2 Sargento Light String Cheese snacks
Any food you can play with is a great distraction; plus, the protein battles mid-afternoon hunger pangs.
Curves Granola Bar
Stash chocolate-peanut or strawberries-and-cream bars in your glove box to help you resist the lure of the drive-thru when you’re on the road.
Vegetable juice, such as V8 (1 cup), and Oscar Mayer Oven-Roasted Turkey Breast (2 oz)
An antioxidant- and protein- rich hunger-buster.
Raspberries (1 cup) with Plain Yogurt (2 Tbsp) and Honey (1 tsp)
This sweet mix does the job until you can break away from your desk for a full meal.
5 Hershey’s Special Dark Chocolate Kisses
A cocoa fix that’s equally rich in chocolaty taste and disease’ fighting antioxidants—what more could you want in a snack?
Baby Carrots (1 cup) with Hummus (2 Tbsp)
The crunchy texture keeps choppers busy, and tangy hummus feeds your need for comfort food.
Peanuts (1 Tbsp) and Dried Cranberries (2 Tbsp)

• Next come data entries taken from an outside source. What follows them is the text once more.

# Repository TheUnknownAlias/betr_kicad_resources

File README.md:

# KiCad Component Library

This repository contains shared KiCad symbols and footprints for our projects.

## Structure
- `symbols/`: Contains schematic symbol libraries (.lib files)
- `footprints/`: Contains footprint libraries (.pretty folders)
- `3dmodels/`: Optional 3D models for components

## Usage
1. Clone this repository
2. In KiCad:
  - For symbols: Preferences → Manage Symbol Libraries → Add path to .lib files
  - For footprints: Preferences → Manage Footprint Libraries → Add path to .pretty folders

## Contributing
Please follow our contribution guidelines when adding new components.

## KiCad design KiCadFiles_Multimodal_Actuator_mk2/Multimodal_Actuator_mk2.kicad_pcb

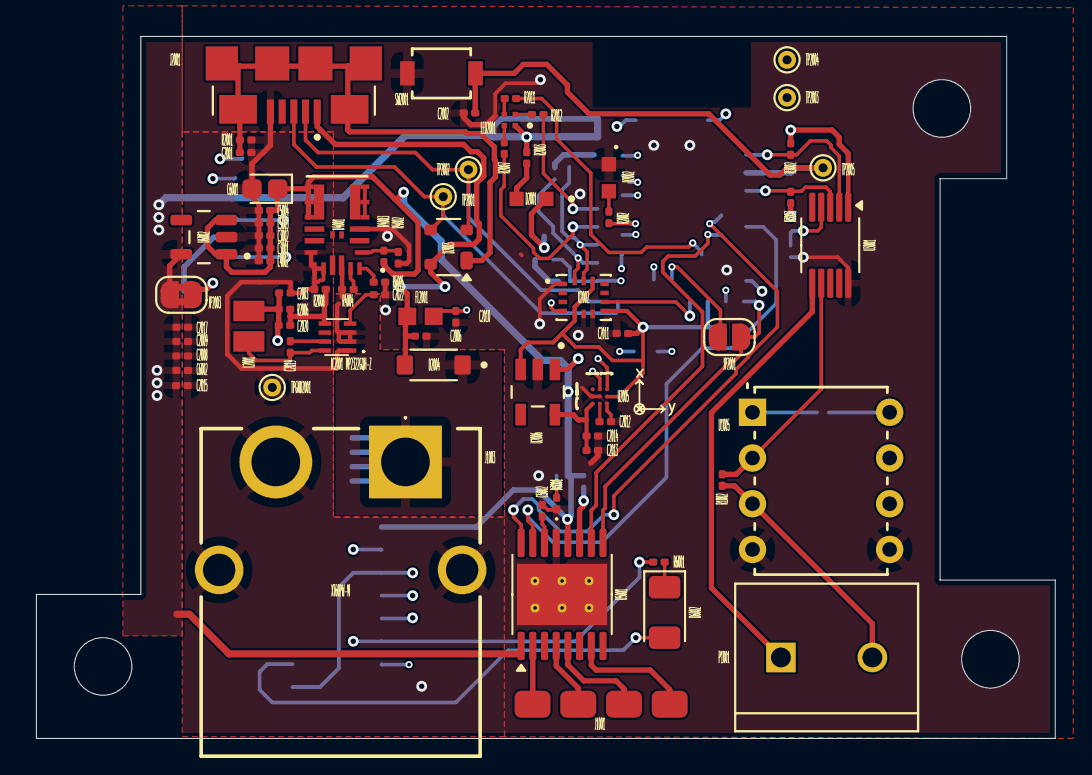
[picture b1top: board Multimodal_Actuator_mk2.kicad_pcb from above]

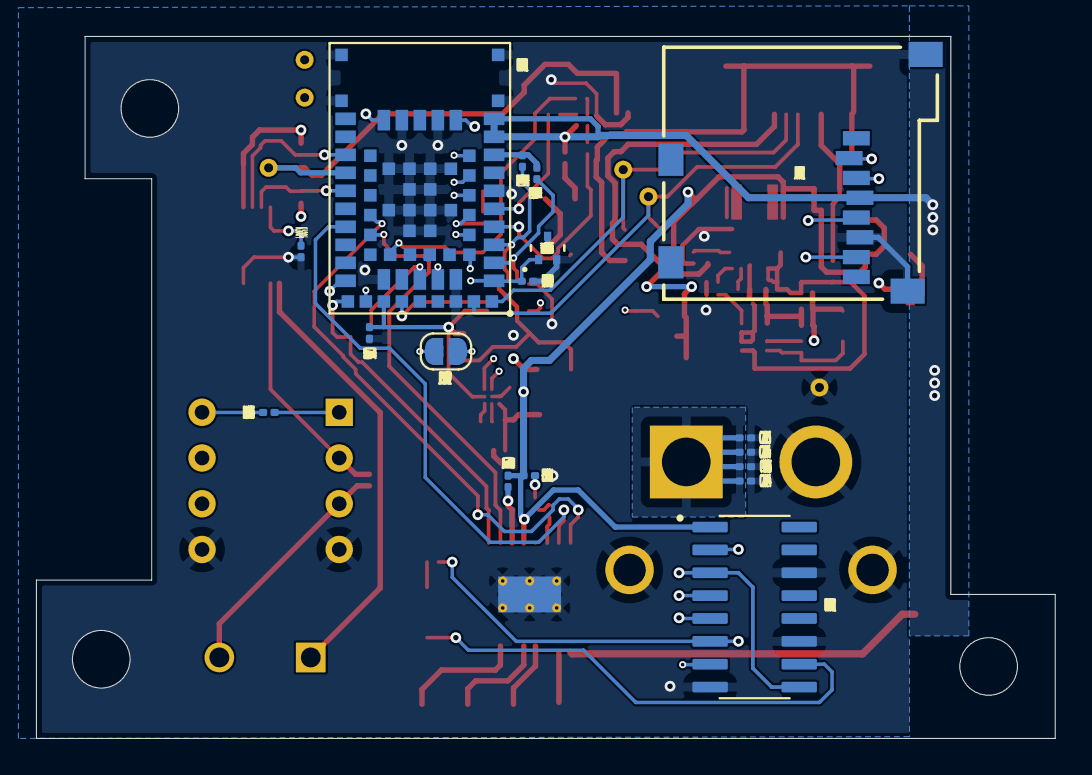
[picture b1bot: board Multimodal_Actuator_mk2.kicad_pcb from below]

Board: 4 copper layers, 56.6 x 39.0 mm, 91 parts (17 on the bottom side), 71 nets.

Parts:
C2001: 4.7 nF; C_0201_0603Metric
C2002, C2005, C2008, C2009, C2011, C2013: 100 nF; C_0201_0603Metric
C2003, C2017: 10 μF; C_0201_0603Metric
C2004, C2023: 10 μF 25V; C_0201_0603Metric
C2006, C2010: 1 nF; C_0201_0603Metric
C2012: 2.2uF; C_0201_0603Metric
C2014, C2015: 1uF; C_0201_0603Metric
C2019, C2024: 100 nF 50V; C_0201_0603Metric
C2020: 22 nF; C_0201_0603Metric
C2022: 1 μF; C_0201_0603Metric
C3001: 0.1uF; C_0201_0603Metric
C3002: 10uF; C_0201_0603Metric
C4002: 22μF; C_0201_0603Metric
C4003, C5002: 10μF; C_0201_0603Metric
C5001: 0.1μF; C_0201_0603Metric
C5003, C5004: 10μF/16V; C_0201_0603Metric
C6001: 100nF; CP_EIA-1608-08_AVX-J
C6002: 100nF; C_0201_0603Metric
D2001: APT1608YC; LED_APT1608YC
D2002: HSMG-C190
D2003: PRTR5V0U2X; SOT-143
D2004: PMEG6020AELRX; SODFL3517X110N
D3001: Green LED; LED_0201_0603Metric
D6002: LTST-C150EKT(RED_LED); LED_1206_3216Metric
FL2001: BLM18EG101TN1D; BEADC1608X65N
H1001, H1002, H1003: MountingHole; MountingHole_3.2mm_M3
IC2001: MP2322GQH-Z; MP2322GQHZ
J1001: Conn_01x04_Socket; 01x04_SMD_Connector_Linear
J1003: XT60PW-M; XT60PWM
J2001: ZX62-AB-5PA_31_; HIROSE_ZX62-AB-5PA_31_
J6001: 2908-05WB-MG; 3M_2908-05WB-MG
JP2001, JP2002: SolderJumper_2_Open; SolderJumper-2_P1.3mm_Open_RoundedPad1.0x1.5mm
JP2003: SolderJumper_2_Bridged; SolderJumper-2_P1.3mm_Bridged2Bar_RoundedPad1.0x1.5mm
L2001: MAKK2016T3R3M; INDC2016X100N
LED2001: SMLP34RGBN1W3; SMLP34_ROM
P1001: 282837-2; TE_282837-2
R1002: 100; R_0201_0603Metric
R1003: 1.2k; R_0201_0603Metric
R2001: 1M; R_0201_0603Metric
R2002, R2003: 330; R_0201_0603Metric
R2006, R2009, R2013, R2014: 976k; R_0201_0603Metric
R2007, R2011, R2012, R6001: 1k; R_0201_0603Metric
R2008: 220k; R_0201_0603Metric
R3001, R3002, R3003, R3004: 4.7kohm; R_0201_0603Metric
R4002: 19.1k; R_0201_0603Metric
R4003, R4004: 100k; R_0201_0603Metric
R4005: 53.6k; R_0201_0603Metric
SW2001: B3U-1000PM; B3U-1000PM_OMR
TP2001: D+; TestPoint_THTPad_D1.0mm_Drill0.5mm
TP2002: D-; TestPoint_THTPad_D1.0mm_Drill0.5mm
TP2003: SWDCLK; TestPoint_THTPad_D1.0mm_Drill0.5mm
TP2004: SWDIO; TestPoint_THTPad_D1.0mm_Drill0.5mm
TP2005: RESET; TestPoint_THTPad_D1.0mm_Drill0.5mm
TPGND2001: GND; TestPoint_THTPad_D1.0mm_Drill0.5mm
U1005: AD623ANZ; N_8_ADI
U2001: NINA-B306-00B; XCVR_NINA-B306-00B
U2002: BMI270; XDCR_BMI270
U2004: 2N7002T-7-F; SOT523_2N7002T_DIO
U2005: BMM350; BGA9_BMM350_BOS
U2006: TPS7A2018PDBVR; SOT95P280X145-5N
U3001: MCP4728; MSOP-10_3x3mm_P0.5mm
U4001: MPM3610GQV-P; QFN3p0x5p0x1p6_MPM3610_MNP
U5001: DRV8833PWP; HTSSOP-16-1EP_4.4x5mm_P0.65mm_EP3.4x5mm_Mask2.46x2.31mm_The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
U6001: CD74HC4050M96; SOIC127P600X175-16N
U6002: LP2985-33DBVR; SOT95P280X145-5N

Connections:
+3.3V: C2008.1, C2009.1, C2015.1, C2017.2, C6002.1, J6001.4 (VDD), JP2003.2 (B), LED2001.1, R2003.1, U2001.9 (VCC_IO), U2001.10 (VCC), U2006.1 (IN), U5001.1 (~SLEEP), U6002.5 (VOUT)
/AIN1: U2001.40 (GPIO_40), U5001.16 (AIN1)
/AIN2: U2001.22 (GPIO_22), U5001.15 (AIN2)
/Arduino_nano_Rev2/1.8VOUT: C2013.1, C2014.1, U2005.C1 (VDD), U2006.5 (OUT)
/Arduino_nano_Rev2/BMI270_INT1: U2001.32 (TRACE_D2/GPIO_32), U2002.4 (INT1)
/Arduino_nano_Rev2/BMI270_INT2: U2001.50 (QSPI_D0/GPIO_50), U2002.9 (INT2)
/Arduino_nano_Rev2/D8: JP2002.2 (B), U2001.48 (QSPI_D1/GPIO_48)
/Arduino_nano_Rev2/LB: R2011.2, U2001.43 (GPIO_43)
/Arduino_nano_Rev2/LG: R2007.2, U2001.4 (GPIO_4)
/Arduino_nano_Rev2/LR: R2012.2, U2001.5 (GPIO_5)
/Arduino_nano_Rev2/RESETN: C2002.1, SW2001.2, TP2005.1, U2001.19 (~RESET)
/Arduino_nano_Rev2/R_PULLUP: R2013.1, R2014.1, U2001.8 (SWO/TRACE_D0/GPIO_8)
/Arduino_nano_Rev2/SCL1: R2013.2, U2001.3 (GPIO_3), U2002.13 (SCX), U2005.A3 (SCK)
/Arduino_nano_Rev2/SDA1: R2014.2, U2001.2 (GPIO_2), U2002.14 (SDX), U2005.A2 (SDA)
/Arduino_nano_Rev2/USB_SHIELD: C2001.2, D2003.1 (GND), J2001.S1 (SHIELD), J2001.S2 (SHIELD__1), J2001.S3 (SHIELD__2), J2001.S4 (SHIELD__3), J2001.S5 (SHIELD__4), J2001.S6 (SHIELD__5), R2001.1
/BIN1: JP2001.2 (B), U2001.47 (QSPI_D3/GPIO_47), U5001.9 (BIN1)
/BIN2: U2001.41 (GPIO_41), U5001.10 (BIN2)
/CLK: R2009.1, U2001.1 (GPIO_1), U2004.1 (G), U6001.3 (1A), U6001.9 (4A)
/CS: U2001.36 (GPIO_36), U6001.7 (3A)
/DI: U2001.35 (GPIO_35), U6001.5 (2A)
/DO: J6001.7 (DATA_OUT), U2001.34 (GPIO_34)
/DRV8833/AOUT1: J1001.1, U5001.2 (AOUT1)
/DRV8833/AOUT2: J1001.2, U5001.4 (AOUT2)
/DRV8833/BOUT1: J1001.3, U5001.7 (BOUT1)
/DRV8833/BOUT2: J1001.4, U5001.5 (BOUT2)
/InAmpOutput: U1005.6 (OUTPUT), U2001.25 (GPIO_25)
/MCP4728_Quad_DAC/LDAC: R3004.2, U3001.4 (~LDAC)
/MPM3610_5V_Buck/EN: R4004.1, U4001.17 (EN)
/SCL: R3002.2, U2001.18 (GPIO_18), U3001.2 (SCL)
/SDA: R3003.2, U2001.20 (GPIO_20), U3001.3 (SDA)
/VA: P1001.1, U3001.6 (VOUTA)
/VB: R1002.2, U1005.2 (-IN), U3001.7 (VOUTB)
GND: C2001.1, C2002.2, C2003.1, C2004.2, C2005.1, C2006.2, C2008.2, C2009.2, C2010.2, C2011.2, C2012.1, C2013.2, C2014.2, C2015.2, C2017.1, C2022.2, C2023.2, C2024.2, C3001.2, C3002.2, C4002.2, C4003.2, C5002.2, C5003.2, C5004.2, C6001.2, C6002.2, D2002.C, D3001.1 (K), IC2001.1 (GND), J1003.2, J1003.3 (MH1), J1003.4 (MH2), J2001.5 (GND), J6001.6 (VSS), J6001.9 (GND), J6001.10 (GND), R2001.2, R2008.2, R2009.2, R3004.1, R4002.2, R4005.1, SW2001.1, TPGND2001.1, U1005.4 (-VS), U1005.5 (REF), U2001.6 (GND), U2001.12 (GND__1), U2001.14 (GND__2), U2001.26 (GND__3), U2001.30 (GND__4), U2001.53 (GND__5), U2001.EAGP1 (EAGP), U2001.EAGP2 (EAGP__1), U2001.EAGP3 (EAGP__2), U2001.EAGP4 (EAGP__3), U2001.EGP1 (EGP), U2001.EGP2 (EGP__1), U2001.EGP3 (EGP__2), U2001.EGP4 (EGP__3), U2001.EGP5 (EGP__4), U2001.EGP6 (EGP__5), U2001.EGP7 (EGP__6), U2001.EGP8 (EGP__7), U2001.EGP9 (EGP__8), U2001.EGP10 (EGP__9), U2001.EGP11 (EGP__10), U2001.EGP12 (EGP__11), U2002.1 (SDO), U2002.6 (GNDIO), U2002.7 (GND), U2004.2 (S), U2005.B1 (GND), U2005.B2 (ADSEL), U2005.C3 (BYPASS), U2006.2 (GND), U3001.10 (VSS), U4001.3 (AGND), U4001.12 (PGND), U4001.13 (PGND), U4001.14 (PGND), U5001.13 (GND), U5001.17 (GND), U6001.8 (GND), U6001.11 (5A), U6001.14 (6A), U6002.2 (GND)
unnamed: D2001.2, R2003.2
unnamed: D2002.A, R2002.2
unnamed: D2003.2 (I/O1), J2001.2 (D-), TP2002.1, U2001.55 (USB_DM)
unnamed: D2003.3 (I/O2), J2001.3 (D+), TP2001.1, U2001.54 (USB_DP)
unnamed: D3001.2 (A), R3001.2
unnamed: D6002.2 (A), U6001.10 (4Y)
unnamed: D6002.1 (K), R6001.1
unnamed: C2019.2, IC2001.7 (BST)
unnamed: C2020.2, IC2001.5 (FB), R2006.1, R2008.1
unnamed: C2019.1, IC2001.8 (SW), L2001.2
unnamed: C2022.1, IC2001.4 (VCC)
unnamed: J6001.2 (CS), R6001.2, U6001.6 (3Y)
unnamed: J6001.3 (DATA_IN), U6001.4 (2Y)
unnamed: J6001.5 (SCLK), U6001.2 (1Y)
unnamed: JP2001.1 (A), U2001.28 (NFC1/GPIO_28)
unnamed: JP2002.1 (A), U2001.29 (NFC2/GPIO_29)
unnamed: C2003.2, C2020.1, JP2003.1 (A), L2001.1, R2006.2
unnamed: LED2001.2, R2012.1
unnamed: LED2001.3, R2011.1
unnamed: LED2001.4, R2007.1
unnamed: P1001.2, R1002.1, U1005.3 (+IN)
unnamed: R1003.2, U1005.8 (+RG)
unnamed: R1003.1, U1005.1 (-RG)
unnamed: TP2003.1, U2001.11 (SWDCLK)
unnamed: TP2004.1, U2001.15 (SWDIO)
unnamed: R2002.1, U2001.33 (TRACE_D3/GPIO_33)
unnamed: C2010.1, FL2001.2, U2001.31 (VBUS)
unnamed: D2001.1, U2004.3 (D)
unnamed: C2012.2, U2005.C2 (CRST)
unnamed: R4005.2, U4001.18 (AAM)
unnamed: R4002.1, R4003.2, U4001.1 (FB)
unnamed: U4001.4 (SW), U4001.5 (SW), U4001.6 (SW)
unnamed: C5001.1, U5001.11 (VCP)
unnamed: C5002.1, U5001.14 (VINT)
VCC: C3001.1, C3002.1, C4002.1, C5001.2, C5003.1, C5004.1, C6001.1, R3001.1, R3002.1, R3003.1, R4003.1, U1005.7 (+VS), U3001.1 (VDD), U4001.7 (OUT), U4001.8 (OUT), U4001.9 (OUT), U5001.12 (VM), U6001.1 (VCC), U6002.1 (VIN), U6002.3 (ON/~OFF)
VDD_ENV: C2005.2, C2011.1, U2001.49 (QSPI_D2/GPIO_49), U2002.5 (VDDIO), U2002.8 (VDD), U2002.12 (CSB), U2005.B3 (VDDIO), U2006.3 (EN)
VUSB: C2006.1, D2003.4 (VCC), D2004.A, FL2001.1, J2001.1 (VCC)
Vin: C2004.1, C2023.1, C2024.1, C4003.1, D2004.C, IC2001.2 (IN), IC2001.3 (EN), J1003.1, R4004.2, U4001.16 (IN)

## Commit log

2025-08-05 General structure
2025-09-09 All custom files for kicad
2025-09-09 KiCadFiles

Toss together this pared- down trail mix and pre-measure into plastic baggies.
2 egg whites with 1 slice whole wheat toast
This protein-and-carb duo gives you a light but energizing start when you have a belly- busting lunch on your calendar.
Barbara’s Bakery Cinnamon Puffins cereal (2/3 cup dry)
Keep pre-measured tubs in your desk drawer for an alternative to kettle chips when you’re craving something crunchy.
Turkey Jerky (1¼ oz)
When you must have meat, chew on this low-cal, low-fat power snack.
Strawberries (1 ½ cup) and Cool Whip Free (3 Tbsp)
For a totally guiltless dessert, dish up a bowl of this sweet, fiber-rich combo.
Like most fruit, melon contains a lot of water. So you get a lot of food—and beta-carotene for not a lot of calories
3 Amy’s Cheese Pizza Snacks
These hot, crispy, cheesy bites are possibly the most satisfying late-night snack ever.
Frozen Yogurt (1 ½ cup)
When you crave a cool treat, dip into smooth and yummy fro-yo—it’s nowhere near as high-calorie as ice cream.
1 oz Yellowtail and 1 oz Tuna Sashimi with 1 packet Kikkoman Instant Tofu Miso Soup
Have it pre-party: The protein will keep you from wiping out the buffet.
18 Fat-Free Fold Gold Tiny Twists
Kill a carbs-and-salt craving in a single snack session.
Veggie Land Veg-T-Balls (2 ½ oz) with Muir Glen Chunky Tomato Sauce (2 Tbsp)
These low-fat vegetarian bells hit the spot.
Chocolate Milk (1 cup nonfat milk + 1 Tbsp Hershey’s Lite Chocolate Syrup)
Quell your inner cocoa monster end get a hit of calcium.
1 Nutter Butter Granola Bar
This peanut bar tastes like something you’d get from the vending machine, minus the thigh-inflating effects.
Now, let’s really put this into perspective – check out what 100 calories looks like with the treats below. If any of these are your go-to mid-day snack, the next time your stomach is growling you may want to opt for one of the healthier choices above!
They’ve never looked so small before, have they?
McDonald’s French Fries, Large Order
¼ of a serving, or 1 oz
And forget about ketchup.
Papa John’s Pan Crust Cheese Pizza, 12”
About ¼ of 1 slice
Still fattening any way you slice it
Auntie Anne’s Original Pretzel
About ¼ of a pretzel
Don’t get tied up in knots about it.
Bagel, Plain, 4.5”
1/3 of 1 bagel
And that’s without any cream cheese.
Burger King Double Whopper with Cheese
1/10 of 1 burger
There’s almost an entire day’s worth of fat in one sandwich.
Haagen-Dazs Chocolate Chip Cookie Dough Ice Cream
You’re going to need a smaller cone.
KFC Hot Wings
1 ¼ wings
Even with the bone in, you don’t get much.
Krispy Kreme Powdered Strawberry-Filled Doughnut
½ of a doughnut
Barely enough to dunk in your coffee.